§ **What is needed**: In the records that follow, find each line with "Disturbance" and pull it out.

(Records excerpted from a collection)
..............................
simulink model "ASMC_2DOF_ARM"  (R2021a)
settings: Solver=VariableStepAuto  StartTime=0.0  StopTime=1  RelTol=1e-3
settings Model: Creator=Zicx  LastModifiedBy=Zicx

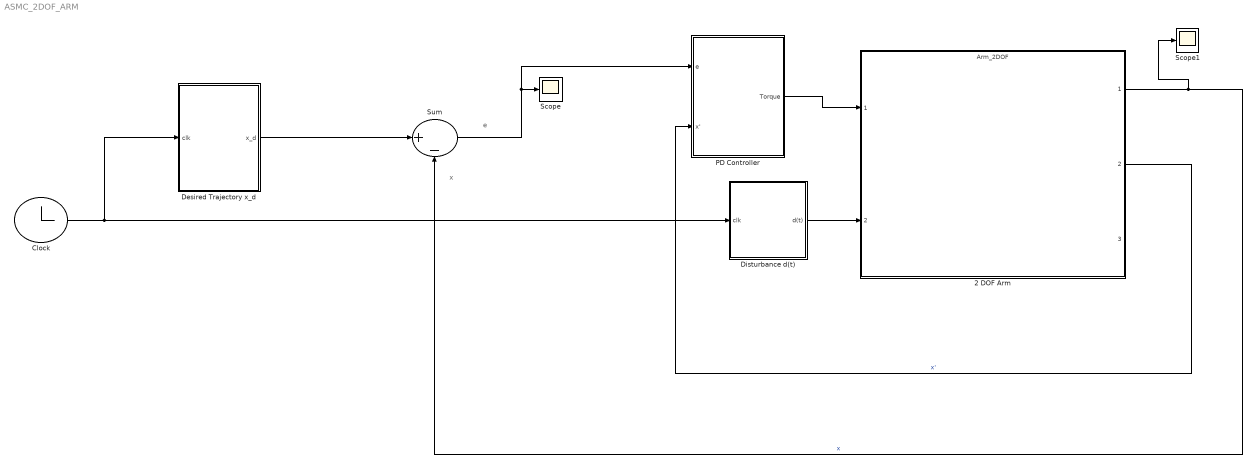
== system ASMC_2DOF_ARM ==
  note: x
  note: e
  2 DOF Arm : ModelReference  ModelNameDialog=Arm_2DOF  SimulationMode=Normal  ModelReferenceVersion=1.23
  Clock : Clock
  Desired Trajectory x_d : Subsystem
  Disturbance d(t) : Subsystem
  PD Controller : Subsystem
  Scope : Scope
  Scope1 : Scope
  Sum : Sum  Inputs=|+-
  wires:
  Clock/1 -> Disturbance d(t)/1(clk), Desired Trajectory x_d/1(clk)
  Desired Trajectory x_d/1(x_d) -> Sum/1
  2 DOF Arm/1 -> Scope1/1, Sum/2  "x"
  Sum/1 -> Scope/1, PD Controller/1(e)
  Disturbance d(t)/1(d(t)) -> 2 DOF Arm/2
  PD Controller/1(Torque) -> 2 DOF Arm/1
  2 DOF Arm/2 -> PD Controller/2(x')  "x'"

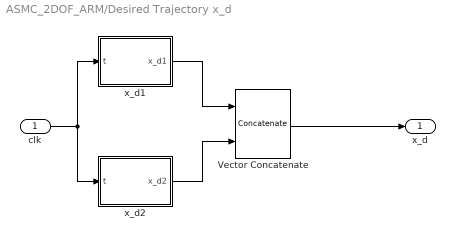
== system ASMC_2DOF_ARM/Desired Trajectory x_d ==
  clk : Inport
  Vector Concatenate : Concatenate
  x_d1 : MATLAB Function  TreatAsAtomicUnit=on
  x_d2 : MATLAB Function  TreatAsAtomicUnit=on
  x_d : Outport
  wires:
  clk/1 -> x_d2/1(t), x_d1/1(t)
  x_d1/1(x_d1) -> Vector Concatenate/1
  Vector Concatenate/1 -> x_d/1
  x_d2/1(x_d2) -> Vector Concatenate/2

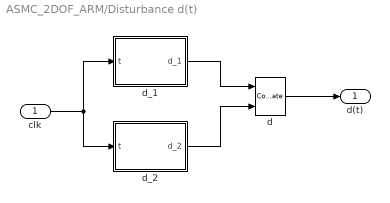
== system ASMC_2DOF_ARM/Disturbance d(t) ==
  clk : Inport
  d : Concatenate
  d_1 : MATLAB Function  TreatAsAtomicUnit=on
  d_2 : MATLAB Function  TreatAsAtomicUnit=on
  d(t) : Outport
  wires:
  d/1 -> d(t)/1
  clk/1 -> d_2/1(t), d_1/1(t)
  d_1/1(d_1) -> d/1
  d_2/1(d_2) -> d/2

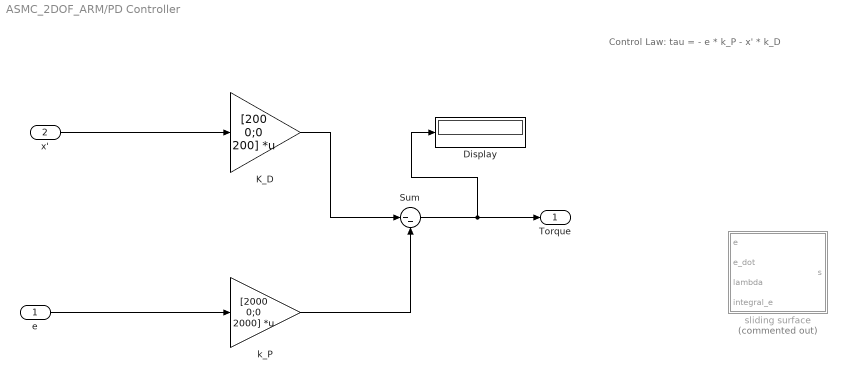
== system ASMC_2DOF_ARM/PD Controller ==
  note: Control Law:
      |
      | tau = - e * k_P - x' * k_D
  e : Inport
  x' : Inport  Port=2
  Display : Display
  K_D : Gain  Gain=[200 0;0 200]  Multiplication=Matrix(K*u) (u vector)
  Sum : Sum  Inputs=|--
  k_P : Gain  Gain=[2000 0;0 2000]  Multiplication=Matrix(K*u) (u vector)
  sliding surface : MATLAB Function  Commented=on  TreatAsAtomicUnit=on
  Torque : Outport
  wires:
  e/1 -> k_P/1
  K_D/1 -> Sum/1
  k_P/1 -> Sum/2
  Sum/1 -> Display/1, Torque/1
  x'/1 -> K_D/1

== matlab function ASMC_2DOF_ARM/Desired Trajectory x_d/x_d2 ==
  data: t input; x_d2 output
function x_d2 = fcn(t)

x_d2 = pi/6 * (1 - cos(2 * pi * t) + sin(1.5 * pi * t));

== matlab function ASMC_2DOF_ARM/Desired Trajectory x_d/x_d1 ==
  data: t input; x_d1 output
function x_d1 = fcn(t)

x_d1 = pi/6 * (1 - cos(1.5 * pi * t) + sin(pi * t));

== matlab function ASMC_2DOF_ARM/PD Controller/sliding surface ==
  data: e input; s output; e_dot input; lambda input; integral_e input
function s = fcn(e, e_dot, lambda, integral_e)

s = e_dot + 2 * lambda * e + (lambda^2) * integral_e;

== matlab function ASMC_2DOF_ARM/Disturbance d(t)/d_1 ==
  data: t input; d_1 output
function d_1 = fcn(t)

d_1 = 300* cos(1.7*pi*(t+12)) + 270* sin(pi*t);

== matlab function ASMC_2DOF_ARM/Disturbance d(t)/d_2 ==
  data: t input; d_2 output
function d_2 = fcn(t)

d_2 = 250 * sin(1.35*pi*(t + 12)) + 300 * cos(2*t);
..............................
§ **Exercise response**:
  Disturbance d(t) : Subsystem
  Clock/1 -> Disturbance d(t)/1(clk), Desired Trajectory x_d/1(clk)
  Disturbance d(t)/1(d(t)) -> 2 DOF Arm/2
== system ASMC_2DOF_ARM/Disturbance d(t) ==
== matlab function ASMC_2DOF_ARM/Disturbance d(t)/d_1 ==
== matlab function ASMC_2DOF_ARM/Disturbance d(t)/d_2 ==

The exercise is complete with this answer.